Solvent Attenuation of London Dispersion in Polycyclic Aromatic Stacking

Abstract

AbstractSolvent competition for London dispersion attenuates its energetic significance in molecular recognition processes. By varying both the stacked contact area and the solvent, here we experimentally deconvolute solvent attenuation using molecular balances. Experimental stacking energies (phenyl to pyrene) correlated strongly with calculations only when dispersion was considered. Such calculations favoured stacking by up to −27 kJ mol−1 in the gas phase, but it was weakly disfavoured in our solution‐phase experiments (+0.5 to +4.6 kJ mol−1).

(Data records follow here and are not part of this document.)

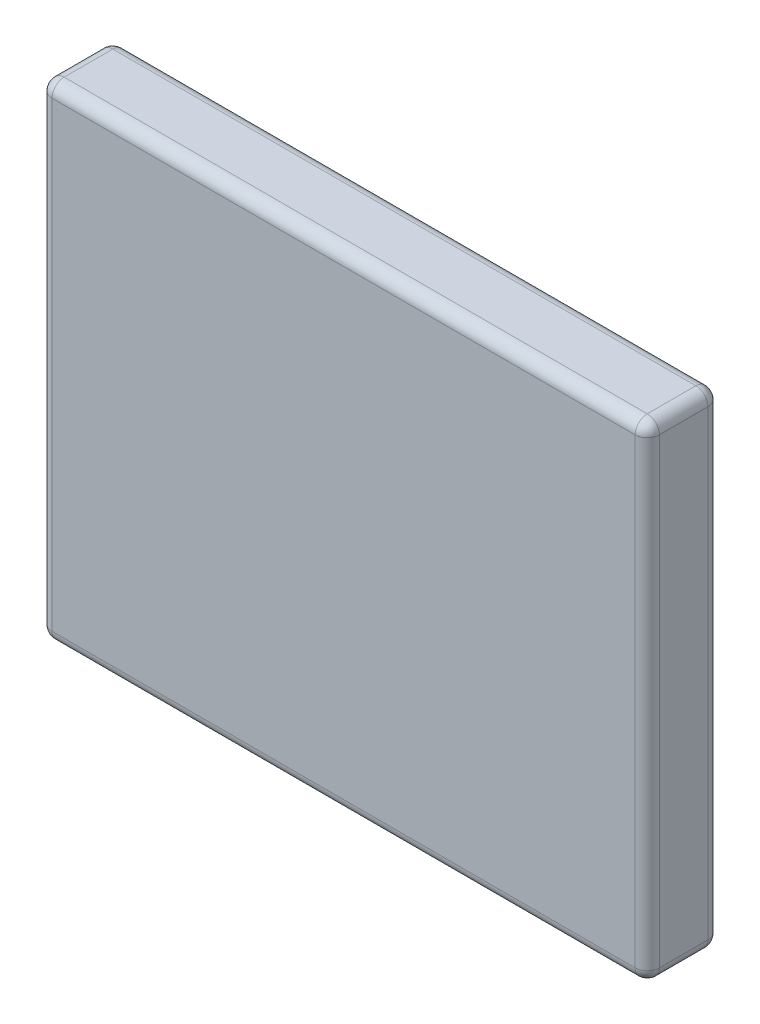
ISO-10303-21;
HEADER;
FILE_DESCRIPTION(('STEP AP214'),'2;1');
FILE_NAME('part.step','',(''),(''),'','','');
FILE_SCHEMA(('AUTOMOTIVE_DESIGN { 1 0 10303 214 1 1 1 1 }'));
ENDSEC;
DATA;
#1=APPLICATION_CONTEXT('core data for automotive mechanical design processes');
#2=APPLICATION_PROTOCOL_DEFINITION('international standard','automotive_design',2000,#1);
#3=PRODUCT_CONTEXT('',#1,'mechanical');
#4=PRODUCT('Part','Part','',(#3));
#5=PRODUCT_RELATED_PRODUCT_CATEGORY('part','',(#4));
#6=PRODUCT_DEFINITION_FORMATION('','',#4);
#7=PRODUCT_DEFINITION_CONTEXT('part definition',#1,'design');
#8=PRODUCT_DEFINITION('design','',#6,#7);
#9=PRODUCT_DEFINITION_SHAPE('','',#8);
#10=(LENGTH_UNIT() NAMED_UNIT(*) SI_UNIT(.MILLI.,.METRE.));
#11=(NAMED_UNIT(*) PLANE_ANGLE_UNIT() SI_UNIT($,.RADIAN.));
#12=(NAMED_UNIT(*) SI_UNIT($,.STERADIAN.) SOLID_ANGLE_UNIT());
#13=UNCERTAINTY_MEASURE_WITH_UNIT(LENGTH_MEASURE(1.E-05),#10,'distance_accuracy_value','');
#14=(GEOMETRIC_REPRESENTATION_CONTEXT(3) GLOBAL_UNCERTAINTY_ASSIGNED_CONTEXT((#13)) GLOBAL_UNIT_ASSIGNED_CONTEXT((#10,
#11,#12)) REPRESENTATION_CONTEXT('',''));
#15=CARTESIAN_POINT('',(0.,0.,0.));
#16=DIRECTION('',(0.,0.,1.));
#17=DIRECTION('',(1.,0.,0.));
#18=AXIS2_PLACEMENT_3D('',#15,#16,#17);
#19=CARTESIAN_POINT('',(-72.,-38.0319715955105,-3.));
#20=DIRECTION('',(0.,1.,0.));
#21=DIRECTION('',(-1.,0.,0.));
#22=AXIS2_PLACEMENT_3D('',#19,#20,#21);
#23=PLANE('',#22);
#24=DIRECTION('',(1.,0.,0.));
#25=VECTOR('',#24,1.);
#26=CARTESIAN_POINT('',(-47.,-38.0319715955105,-2.5));
#27=LINE('',#26,#25);
#28=CARTESIAN_POINT('',(-71.5,-38.0319715955105,-2.5));
#29=VERTEX_POINT('',#28);
#30=CARTESIAN_POINT('',(-47.5,-38.0319715955105,-2.5));
#31=VERTEX_POINT('',#30);
#32=EDGE_CURVE('E161',#29,#31,#27,.T.);
#33=ORIENTED_EDGE('',*,*,#32,.F.);
#34=DIRECTION('',(0.,0.,1.));
#35=VECTOR('',#34,1.);
#36=CARTESIAN_POINT('',(-71.5,-38.0319715955105,-3.));
#37=LINE('',#36,#35);
#38=CARTESIAN_POINT('',(-71.5,-38.0319715955105,-0.5));
#39=VERTEX_POINT('',#38);
#40=EDGE_CURVE('E144',#39,#29,#37,.F.);
#41=ORIENTED_EDGE('',*,*,#40,.F.);
#42=DIRECTION('',(1.,0.,0.));
#43=VECTOR('',#42,1.);
#44=CARTESIAN_POINT('',(-72.,-38.0319715955105,-0.5));
#45=LINE('',#44,#43);
#46=CARTESIAN_POINT('',(-47.5,-38.0319715955105,-0.5));
#47=VERTEX_POINT('',#46);
#48=EDGE_CURVE('E153',#47,#39,#45,.F.);
#49=ORIENTED_EDGE('',*,*,#48,.F.);
#50=DIRECTION('',(0.,0.,1.));
#51=VECTOR('',#50,1.);
#52=CARTESIAN_POINT('',(-47.5,-38.0319715955105,-3.));
#53=LINE('',#52,#51);
#54=EDGE_CURVE('E160',#31,#47,#53,.T.);
#55=ORIENTED_EDGE('',*,*,#54,.F.);
#56=EDGE_LOOP('',(#33,#41,#49,#55));
#57=FACE_BOUND('',#56,.T.);
#58=ADVANCED_FACE('F35',(#57),#23,.T.);
#59=CARTESIAN_POINT('',(-72.,-38.0319715955105,-3.));
#60=DIRECTION('',(1.,0.,0.));
#61=DIRECTION('',(0.,0.,1.));
#62=AXIS2_PLACEMENT_3D('',#59,#60,#61);
#63=PLANE('',#62);
#64=DIRECTION('',(0.,-1.,0.));
#65=VECTOR('',#64,1.);
#66=CARTESIAN_POINT('',(-72.,-58.0319715955105,-0.5));
#67=LINE('',#66,#65);
#68=CARTESIAN_POINT('',(-72.,-38.5319715955105,-0.5));
#69=VERTEX_POINT('',#68);
#70=CARTESIAN_POINT('',(-72.,-57.5319715955105,-0.5));
#71=VERTEX_POINT('',#70);
#72=EDGE_CURVE('E185',#69,#71,#67,.T.);
#73=ORIENTED_EDGE('',*,*,#72,.F.);
#74=DIRECTION('',(0.,0.,1.));
#75=VECTOR('',#74,1.);
#76=CARTESIAN_POINT('',(-72.,-38.5319715955105,0.));
#77=LINE('',#76,#75);
#78=CARTESIAN_POINT('',(-72.,-38.5319715955105,-2.5));
#79=VERTEX_POINT('',#78);
#80=EDGE_CURVE('E147',#79,#69,#77,.T.);
#81=ORIENTED_EDGE('',*,*,#80,.F.);
#82=DIRECTION('',(0.,-1.,0.));
#83=VECTOR('',#82,1.);
#84=CARTESIAN_POINT('',(-72.,-38.0319715955105,-2.5));
#85=LINE('',#84,#83);
#86=CARTESIAN_POINT('',(-72.,-57.5319715955105,-2.5));
#87=VERTEX_POINT('',#86);
#88=EDGE_CURVE('E182',#87,#79,#85,.F.);
#89=ORIENTED_EDGE('',*,*,#88,.F.);
#90=DIRECTION('',(0.,0.,1.));
#91=VECTOR('',#90,1.);
#92=CARTESIAN_POINT('',(-72.,-57.5319715955105,-3.));
#93=LINE('',#92,#91);
#94=EDGE_CURVE('E188',#71,#87,#93,.F.);
#95=ORIENTED_EDGE('',*,*,#94,.F.);
#96=EDGE_LOOP('',(#73,#81,#89,#95));
#97=FACE_BOUND('',#96,.T.);
#98=ADVANCED_FACE('F266',(#97),#63,.F.);
#99=CARTESIAN_POINT('',(-72.,-58.0319715955105,-3.));
#100=DIRECTION('',(0.,1.,0.));
#101=DIRECTION('',(0.,0.,-1.));
#102=AXIS2_PLACEMENT_3D('',#99,#100,#101);
#103=PLANE('',#102);
#104=DIRECTION('',(1.,0.,0.));
#105=VECTOR('',#104,1.);
#106=CARTESIAN_POINT('',(-47.,-58.0319715955105,-0.5));
#107=LINE('',#106,#105);
#108=CARTESIAN_POINT('',(-71.5,-58.0319715955105,-0.5));
#109=VERTEX_POINT('',#108);
#110=CARTESIAN_POINT('',(-47.5,-58.0319715955105,-0.5));
#111=VERTEX_POINT('',#110);
#112=EDGE_CURVE('E206',#109,#111,#107,.T.);
#113=ORIENTED_EDGE('',*,*,#112,.F.);
#114=DIRECTION('',(0.,0.,1.));
#115=VECTOR('',#114,1.);
#116=CARTESIAN_POINT('',(-71.5,-58.0319715955105,-3.));
#117=LINE('',#116,#115);
#118=CARTESIAN_POINT('',(-71.5,-58.0319715955105,-2.5));
#119=VERTEX_POINT('',#118);
#120=EDGE_CURVE('E201',#119,#109,#117,.T.);
#121=ORIENTED_EDGE('',*,*,#120,.F.);
#122=DIRECTION('',(1.,0.,0.));
#123=VECTOR('',#122,1.);
#124=CARTESIAN_POINT('',(-72.,-58.0319715955105,-2.5));
#125=LINE('',#124,#123);
#126=CARTESIAN_POINT('',(-47.5,-58.0319715955105,-2.5));
#127=VERTEX_POINT('',#126);
#128=EDGE_CURVE('E204',#127,#119,#125,.F.);
#129=ORIENTED_EDGE('',*,*,#128,.F.);
#130=DIRECTION('',(0.,0.,1.));
#131=VECTOR('',#130,1.);
#132=CARTESIAN_POINT('',(-47.5,-58.0319715955105,-3.));
#133=LINE('',#132,#131);
#134=EDGE_CURVE('E209',#111,#127,#133,.F.);
#135=ORIENTED_EDGE('',*,*,#134,.F.);
#136=EDGE_LOOP('',(#113,#121,#129,#135));
#137=FACE_BOUND('',#136,.T.);
#138=ADVANCED_FACE('F306',(#137),#103,.F.);
#139=CARTESIAN_POINT('',(-47.,-38.0319715955105,-3.));
#140=DIRECTION('',(1.,0.,0.));
#141=DIRECTION('',(0.,0.,1.));
#142=AXIS2_PLACEMENT_3D('',#139,#140,#141);
#143=PLANE('',#142);
#144=DIRECTION('',(0.,-1.,0.));
#145=VECTOR('',#144,1.);
#146=CARTESIAN_POINT('',(-47.,-38.0319715955105,-0.5));
#147=LINE('',#146,#145);
#148=CARTESIAN_POINT('',(-47.,-57.5319715955105,-0.5));
#149=VERTEX_POINT('',#148);
#150=CARTESIAN_POINT('',(-47.,-38.5319715955105,-0.5));
#151=VERTEX_POINT('',#150);
#152=EDGE_CURVE('E175',#149,#151,#147,.F.);
#153=ORIENTED_EDGE('',*,*,#152,.F.);
#154=DIRECTION('',(0.,0.,1.));
#155=VECTOR('',#154,1.);
#156=CARTESIAN_POINT('',(-47.,-57.5319715955105,0.));
#157=LINE('',#156,#155);
#158=CARTESIAN_POINT('',(-47.,-57.5319715955105,-2.5));
#159=VERTEX_POINT('',#158);
#160=EDGE_CURVE('E170',#159,#149,#157,.T.);
#161=ORIENTED_EDGE('',*,*,#160,.F.);
#162=DIRECTION('',(0.,-1.,0.));
#163=VECTOR('',#162,1.);
#164=CARTESIAN_POINT('',(-47.,-58.0319715955105,-2.5));
#165=LINE('',#164,#163);
#166=CARTESIAN_POINT('',(-47.,-38.5319715955105,-2.5));
#167=VERTEX_POINT('',#166);
#168=EDGE_CURVE('E173',#167,#159,#165,.T.);
#169=ORIENTED_EDGE('',*,*,#168,.F.);
#170=DIRECTION('',(0.,0.,1.));
#171=VECTOR('',#170,1.);
#172=CARTESIAN_POINT('',(-47.,-38.5319715955105,-3.));
#173=LINE('',#172,#171);
#174=EDGE_CURVE('E178',#151,#167,#173,.F.);
#175=ORIENTED_EDGE('',*,*,#174,.F.);
#176=EDGE_LOOP('',(#153,#161,#169,#175));
#177=FACE_BOUND('',#176,.T.);
#178=ADVANCED_FACE('F326',(#177),#143,.T.);
#179=CARTESIAN_POINT('',(0.,0.,-3.));
#180=DIRECTION('',(0.,0.,1.));
#181=DIRECTION('',(-1.,0.,0.));
#182=AXIS2_PLACEMENT_3D('',#179,#180,#181);
#183=PLANE('',#182);
#184=DIRECTION('',(1.,0.,0.));
#185=VECTOR('',#184,1.);
#186=CARTESIAN_POINT('',(0.,-57.5319715955105,-3.));
#187=LINE('',#186,#185);
#188=CARTESIAN_POINT('',(-71.5,-57.5319715955105,-3.));
#189=VERTEX_POINT('',#188);
#190=CARTESIAN_POINT('',(-47.5,-57.5319715955105,-3.));
#191=VERTEX_POINT('',#190);
#192=EDGE_CURVE('E44',#189,#191,#187,.T.);
#193=ORIENTED_EDGE('',*,*,#192,.F.);
#194=DIRECTION('',(0.,-1.,0.));
#195=VECTOR('',#194,1.);
#196=CARTESIAN_POINT('',(-71.5,0.,-3.));
#197=LINE('',#196,#195);
#198=CARTESIAN_POINT('',(-71.5,-38.5319715955105,-3.));
#199=VERTEX_POINT('',#198);
#200=EDGE_CURVE('E215',#199,#189,#197,.T.);
#201=ORIENTED_EDGE('',*,*,#200,.F.);
#202=DIRECTION('',(1.,0.,0.));
#203=VECTOR('',#202,1.);
#204=CARTESIAN_POINT('',(-72.,-38.5319715955105,-3.));
#205=LINE('',#204,#203);
#206=CARTESIAN_POINT('',(-47.5,-38.5319715955105,-3.));
#207=VERTEX_POINT('',#206);
#208=EDGE_CURVE('E212',#207,#199,#205,.F.);
#209=ORIENTED_EDGE('',*,*,#208,.F.);
#210=DIRECTION('',(0.,-1.,0.));
#211=VECTOR('',#210,1.);
#212=CARTESIAN_POINT('',(-47.5,-38.0319715955105,-3.));
#213=LINE('',#212,#211);
#214=EDGE_CURVE('E11',#191,#207,#213,.F.);
#215=ORIENTED_EDGE('',*,*,#214,.F.);
#216=EDGE_LOOP('',(#193,#201,#209,#215));
#217=FACE_BOUND('',#216,.T.);
#218=ADVANCED_FACE('F491',(#217),#183,.F.);
#219=CARTESIAN_POINT('',(0.,0.,0.));
#220=DIRECTION('',(0.,0.,1.));
#221=DIRECTION('',(-1.,0.,0.));
#222=AXIS2_PLACEMENT_3D('',#219,#220,#221);
#223=PLANE('',#222);
#224=DIRECTION('',(1.,0.,0.));
#225=VECTOR('',#224,1.);
#226=CARTESIAN_POINT('',(-72.,-57.5319715955105,0.));
#227=LINE('',#226,#225);
#228=CARTESIAN_POINT('',(-47.5,-57.5319715955105,0.));
#229=VERTEX_POINT('',#228);
#230=CARTESIAN_POINT('',(-71.5,-57.5319715955105,0.));
#231=VERTEX_POINT('',#230);
#232=EDGE_CURVE('E196',#229,#231,#227,.F.);
#233=ORIENTED_EDGE('',*,*,#232,.F.);
#234=DIRECTION('',(0.,-1.,0.));
#235=VECTOR('',#234,1.);
#236=CARTESIAN_POINT('',(-47.5,0.,0.));
#237=LINE('',#236,#235);
#238=CARTESIAN_POINT('',(-47.5,-38.5319715955105,0.));
#239=VERTEX_POINT('',#238);
#240=EDGE_CURVE('E193',#239,#229,#237,.T.);
#241=ORIENTED_EDGE('',*,*,#240,.F.);
#242=DIRECTION('',(1.,0.,0.));
#243=VECTOR('',#242,1.);
#244=CARTESIAN_POINT('',(0.,-38.5319715955105,0.));
#245=LINE('',#244,#243);
#246=CARTESIAN_POINT('',(-71.5,-38.5319715955105,0.));
#247=VERTEX_POINT('',#246);
#248=EDGE_CURVE('E191',#247,#239,#245,.T.);
#249=ORIENTED_EDGE('',*,*,#248,.F.);
#250=DIRECTION('',(0.,-1.,0.));
#251=VECTOR('',#250,1.);
#252=CARTESIAN_POINT('',(-71.5,-38.0319715955105,0.));
#253=LINE('',#252,#251);
#254=EDGE_CURVE('E199',#231,#247,#253,.F.);
#255=ORIENTED_EDGE('',*,*,#254,.F.);
#256=EDGE_LOOP('',(#233,#241,#249,#255));
#257=FACE_BOUND('',#256,.T.);
#258=ADVANCED_FACE('F274',(#257),#223,.T.);
#259=CARTESIAN_POINT('',(-71.5,-57.5319715955105,-3.));
#260=DIRECTION('',(0.,0.,1.));
#261=DIRECTION('',(-1.,0.,0.));
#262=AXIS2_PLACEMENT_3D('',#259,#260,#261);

Nonetheless, the propensity for stacking increased with contact area and in solvents with lower bulk polarisabilities that compete less for dispersion. Experimental stacking energies per unit change in solvent accessible area ranged from −0.02 kJ mol−1 Å−2 in CS2, to −0.05 kJ mol−1 Å−2 in CD2Cl2, but were dwarfed by the calculated gas‐phase energy of −0.6 kJ mol−1 Å−2. The results underscore the challenge facing the exploitation of dispersion in solution. Solvent competition strongly but imperfectly cancels dispersion at molecular recognition interfaces, making the energetic benefits difficult to realise.